[[ Task input open ]]

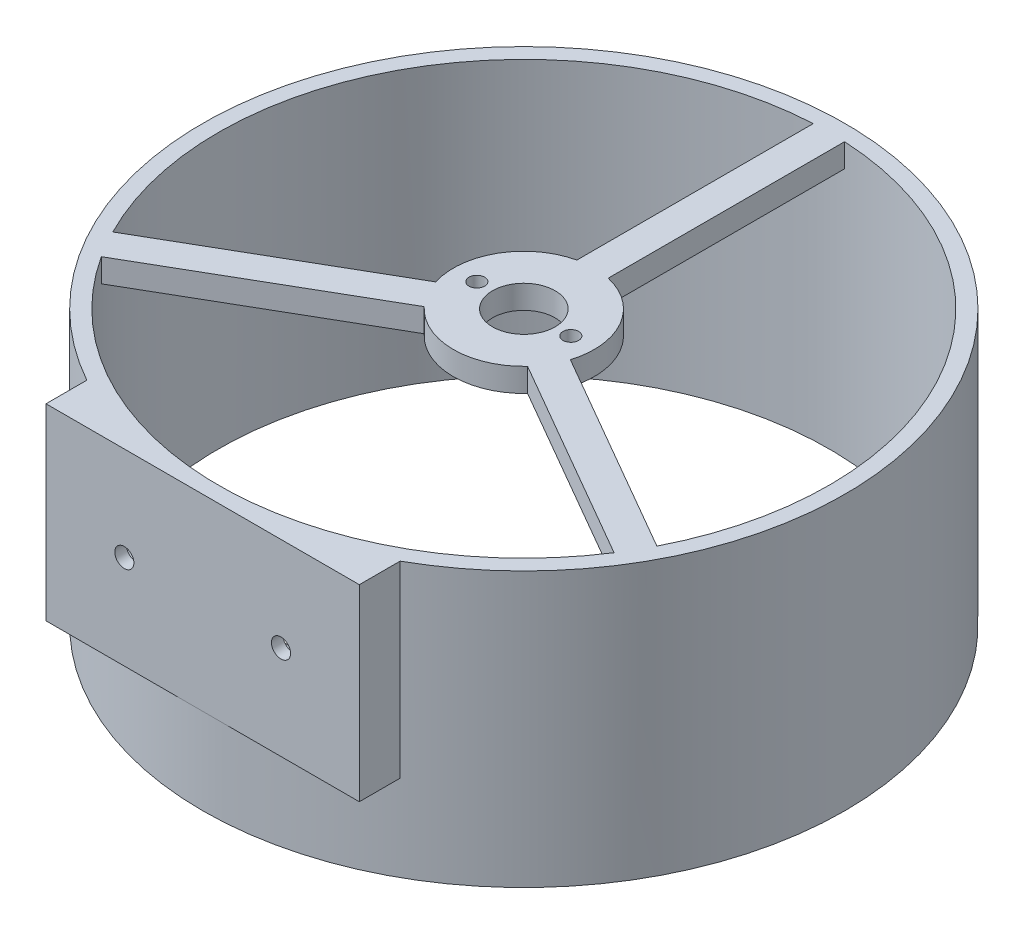
SolidWorks part; units mm, degrees
ref_plane "前视基准面" through (0, 0, 0) normal (0, 0, 1) x (1, 0, 0)
ref_plane "上视基准面" through (0, 0, 0) normal (0, 1, 0) x (1, 0, 0)
ref_plane "右视基准面" through (0, 0, 0) normal (1, 0, 0) x (0, 0, -1)
sketch "草图1" plane through (0, 0, 0) normal (0, 1, 0) x (1, 0, 0)
  circle A0 centre (0, 0) radius 39
  circle A1 centre (0, 0) radius 41
  dimension "D1" = 78
  dimension "D2" = 2
extrude "凸台-拉伸1" add sketch "草图1" along normal blind 20
sketch "草图2" plane through (0, 20, 0) normal (0, 1, 0) x (1, 0, 0)
  line L0 (20, -41) -> (-20, -41)
  line L1 (-20, -41) -> (-20, -35.7911)
  line L2 (0, -41) -> (0, -31.4417) construction
  line L3 (20, -41) -> (20, -35.7911)
  circle A0 centre (0, 0) radius 41 construction
  arc A1 (-20, -35.7911) -> (20, -35.7911) centre (0, 0) ccw
  circle M5 centre (0, 0) radius 41
extrude "凸台-拉伸2" add sketch "草图2" against normal blind 14 contours L1 L0 M5 | L0 L3 M5 region at (15.0657, 20, 39.4559) region at (-15.0657, 20, 39.4559)
sketch "草图3" plane through (0, 20, 0) normal (0, 1, 0) x (1, 0, 0)
  line L0 (-2, 38.9487) -> (-2, 8.775)
  line L1 (0, 39) -> (0, 9) construction
  line L2 (2, 38.9487) -> (2, 8.775)
  line L3 (34.7305, -17.7423) -> (8.5993, -2.6554)
  line L4 (32.7305, -21.2064) -> (6.5993, -6.1195)
  line L5 (-32.7305, -21.2064) -> (-6.5993, -6.1195)
  line L6 (-34.7305, -17.7423) -> (-8.5993, -2.6554)
  circle A0 centre (0, 0) radius 4
  circle A1 centre (-6, 0) radius 1
  circle A2 centre (6, 0) radius 1
  arc A3 (-6.5993, -6.1195) -> (6.5993, -6.1195) centre (0, 0) ccw
  circle A4 centre (0, 0) radius 39 construction
  arc A5 (2, 38.9487) -> (-2, 38.9487) centre (0, 0) ccw
  arc A6 (32.7305, -21.2064) -> (34.7305, -17.7423) centre (0, 0) ccw
  arc A7 (-34.7305, -17.7423) -> (-32.7305, -21.2064) centre (0, 0) ccw
  arc A8 (-2, 8.775) -> (-8.5993, -2.6554) centre (0, 0) ccw
  arc A9 (8.5993, -2.6554) -> (2, 8.775) centre (0, 0) ccw
  point P28 (0, 0)
  dimension "D1" = 8
  dimension "D2" = 2
  dimension "D3" = 6
  dimension "D4" = 2
  dimension "D5" = 6
  dimension "D6" = 18
  dimension "D7" = 2
  dimension "D8" = 3
extrude "凸台-拉伸3" add sketch "草图3" against normal blind 3
sketch "草图4" plane through (0, 0, 41) normal (0, 0, 1) x (1, 0, 0)
  line L0 (20, 20) -> (-20, 20) construction
  line L1 (-10, 4.7668) -> (-7.2, 6.3834)
  line L2 (-7.2, 6.3834) -> (-7.2, 9.6166)
  line L3 (-7.2, 9.6166) -> (-10, 11.2332)
  line L4 (-10, 11.2332) -> (-12.8, 9.6166)
  line L5 (-12.8, 9.6166) -> (-12.8, 6.3834)
  line L6 (-12.8, 6.3834) -> (-10, 4.7668)
  line L7 (0, 0) -> (0, -4.0742) construction
  line L8 (12.8, 6.3834) -> (10, 4.7668)
  line L9 (12.8, 9.6166) -> (12.8, 6.3834)
  line L10 (10, 11.2332) -> (12.8, 9.6166)
  line L11 (7.2, 9.6166) -> (10, 11.2332)
  line L12 (7.2, 6.3834) -> (7.2, 9.6166)
  line L13 (10, 4.7668) -> (7.2, 6.3834)
  circle A0 centre (-10, 8) radius 2.8 construction
  dimension "D1" = 5.6
  dimension "D2" = 10
  dimension "D3" = 12
sketch "草图7" plane through (0, 6, 0) normal (0, -1, 0) x (1, 0, 0)
  line L2 (-20, 41) -> (-20, 35.7911)
  line L3 (0, 41) -> (-20, 41)
  line L4 (-20, 41) -> (-20, 35.7911)
  line L5 (0, 41) -> (-20, 41)
  line L6 (20, 41) -> (0, 41)
  line L7 (20, 35.7911) -> (20, 41)
  line L8 (20, 41) -> (0, 41)
  line L9 (20, 35.7911) -> (20, 41)
  arc A1 (0, 41) -> (-20, 35.7911) centre (0, 0) ccw
  arc A2 (0, 41) -> (-20, 35.7911) centre (0, 0) ccw
  arc A3 (20, 35.7911) -> (0, 41) centre (0, 0) ccw
  arc A4 (20, 35.7911) -> (0, 41) centre (0, 0) ccw
  line M7 (-20, 41) -> (-20, 35.7911)
  arc M8 (-20, 35.7911) -> (0, 41) centre (0, 0) cw
  line M9 (0, 41) -> (-20, 41)
  dimension "D1" = 0
  dimension "D2" = 0
extrude "切除-拉伸3" cut sketch "草图7" against normal blind 3 contours M9 M7 M8 | A4 L9 L8 region at (-15.0657, 6, 39.4559) region at (15.0657, 6, 39.4559)
sketch "草图9" plane through (0, 0, 0) normal (0, -1, 0) x (1, 0, 0)
sketch "草图10" plane through (0, 0, 0) normal (0, -1, 0) x (1, 0, 0)
sketch "草图11" plane through (0, 0, 0) normal (0, -1, 0) x (1, 0, 0)
sketch "草图12" plane through (0, 0, 0) normal (0, -1, 0) x (1, 0, 0)
  circle A2 centre (0.1979, 0.0085) radius 41.1981
extrude "凸台-拉伸5" add sketch "草图1<2>" along normal blind 10 and the other way blind 15
sketch "草图1<2>" plane through (0, 0, 0) normal (0, 1, 0) x (1, 0, 0) same geometry as "草图1"
extrude "凸台-拉伸7" add sketch "草图7<4>" along normal blind 10
sketch "草图7<4>" plane through (0, 6, 0) normal (0, -1, 0) x (1, 0, 0) same geometry as "草图7"
extrude "凸台-拉伸8" add sketch "草图7<5>" along normal blind 10 and the other way blind 5 contours M9 M7 M8 | A4 L9 L8 region at (-15.0657, 6, 39.4559) region at (15.0657, 6, 39.4559)
sketch "草图7<5>" plane through (0, 6, 0) normal (0, -1, 0) x (1, 0, 0) same geometry as "草图7"
extrude "切除-拉伸4" cut sketch "草图4" against normal blind 10
extrude "凸台-拉伸9" add sketch "草图4<3>" along normal blind 10 and the other way blind 1.5
sketch "草图4<3>" plane through (0, 0, 41) normal (0, 0, 1) x (1, 0, 0) same geometry as "草图4"
sketch "草图13" plane through (0, 0, 51) normal (0, 0, 1) x (1, 0, 0)
  line L0 (10, 11.2332) -> (7.2, 9.6166)
  line L1 (7.2, 9.6166) -> (7.2, 6.3834)
  line L2 (7.2, 6.3834) -> (10, 4.7668)
  line L3 (10, 4.7668) -> (12.8, 6.3834)
  line L4 (12.8, 6.3834) -> (12.8, 9.6166)
  line L5 (12.8, 9.6166) -> (10, 11.2332)
  line L6 (-10, 11.2332) -> (-12.8, 9.6166)
  line L7 (-12.8, 9.6166) -> (-12.8, 6.3834)
  line L8 (-12.8, 6.3834) -> (-10, 4.7668)
  line L9 (-10, 4.7668) -> (-7.2, 6.3834)
  line L10 (-7.2, 6.3834) -> (-7.2, 9.6166)
  line L11 (-7.2, 9.6166) -> (-10, 11.2332)
extrude "切除-拉伸6" cut sketch "草图13" against normal blind 10
sketch "草图16" plane through (0, 0, 41) normal (0, 0, 1) x (1, 0, 0)
  line L1 (0, 0) -> (0, 20) construction
  line L2 (20, 20) -> (-20, 20) construction
  line L3 (20, 20) -> (-20, 20) construction
  circle A0 centre (-10, 8) radius 1.22
  circle A1 centre (10, 8) radius 1.22
  point P6 (0, 0)
  dimension "D1" = 20
  dimension "D2" = 10
  dimension "D3" = 12
extrude "切除-拉伸7" cut sketch "草图16" against normal blind 3

[[ Task input closed ]]

**Task brief:** Reproducing the whole listing above is not the task. Copy exactly only the lines from the one with "line L5 (-32.7305, -21.2064)" to the one with "line L7 (0, 0) -> (0, -4.0742) construction", both kept.

**Task output:**
  line L5 (-32.7305, -21.2064) -> (-6.5993, -6.1195)
  line L6 (-34.7305, -17.7423) -> (-8.5993, -2.6554)
  circle A0 centre (0, 0) radius 4
  circle A1 centre (-6, 0) radius 1
  circle A2 centre (6, 0) radius 1
  arc A3 (-6.5993, -6.1195) -> (6.5993, -6.1195) centre (0, 0) ccw
  circle A4 centre (0, 0) radius 39 construction
  arc A5 (2, 38.9487) -> (-2, 38.9487) centre (0, 0) ccw
  arc A6 (32.7305, -21.2064) -> (34.7305, -17.7423) centre (0, 0) ccw
  arc A7 (-34.7305, -17.7423) -> (-32.7305, -21.2064) centre (0, 0) ccw
  arc A8 (-2, 8.775) -> (-8.5993, -2.6554) centre (0, 0) ccw
  arc A9 (8.5993, -2.6554) -> (2, 8.775) centre (0, 0) ccw
  point P28 (0, 0)
  dimension "D1" = 8
  dimension "D2" = 2
  dimension "D3" = 6
  dimension "D4" = 2
  dimension "D5" = 6
  dimension "D6" = 18
  dimension "D7" = 2
  dimension "D8" = 3
extrude "凸台-拉伸3" add sketch "草图3" against normal blind 3
sketch "草图4" plane through (0, 0, 41) normal (0, 0, 1) x (1, 0, 0)
  line L0 (20, 20) -> (-20, 20) construction
  line L1 (-10, 4.7668) -> (-7.2, 6.3834)
  line L2 (-7.2, 6.3834) -> (-7.2, 9.6166)
  line L3 (-7.2, 9.6166) -> (-10, 11.2332)
  line L4 (-10, 11.2332) -> (-12.8, 9.6166)
  line L5 (-12.8, 9.6166) -> (-12.8, 6.3834)
  line L6 (-12.8, 6.3834) -> (-10, 4.7668)
  line L7 (0, 0) -> (0, -4.0742) construction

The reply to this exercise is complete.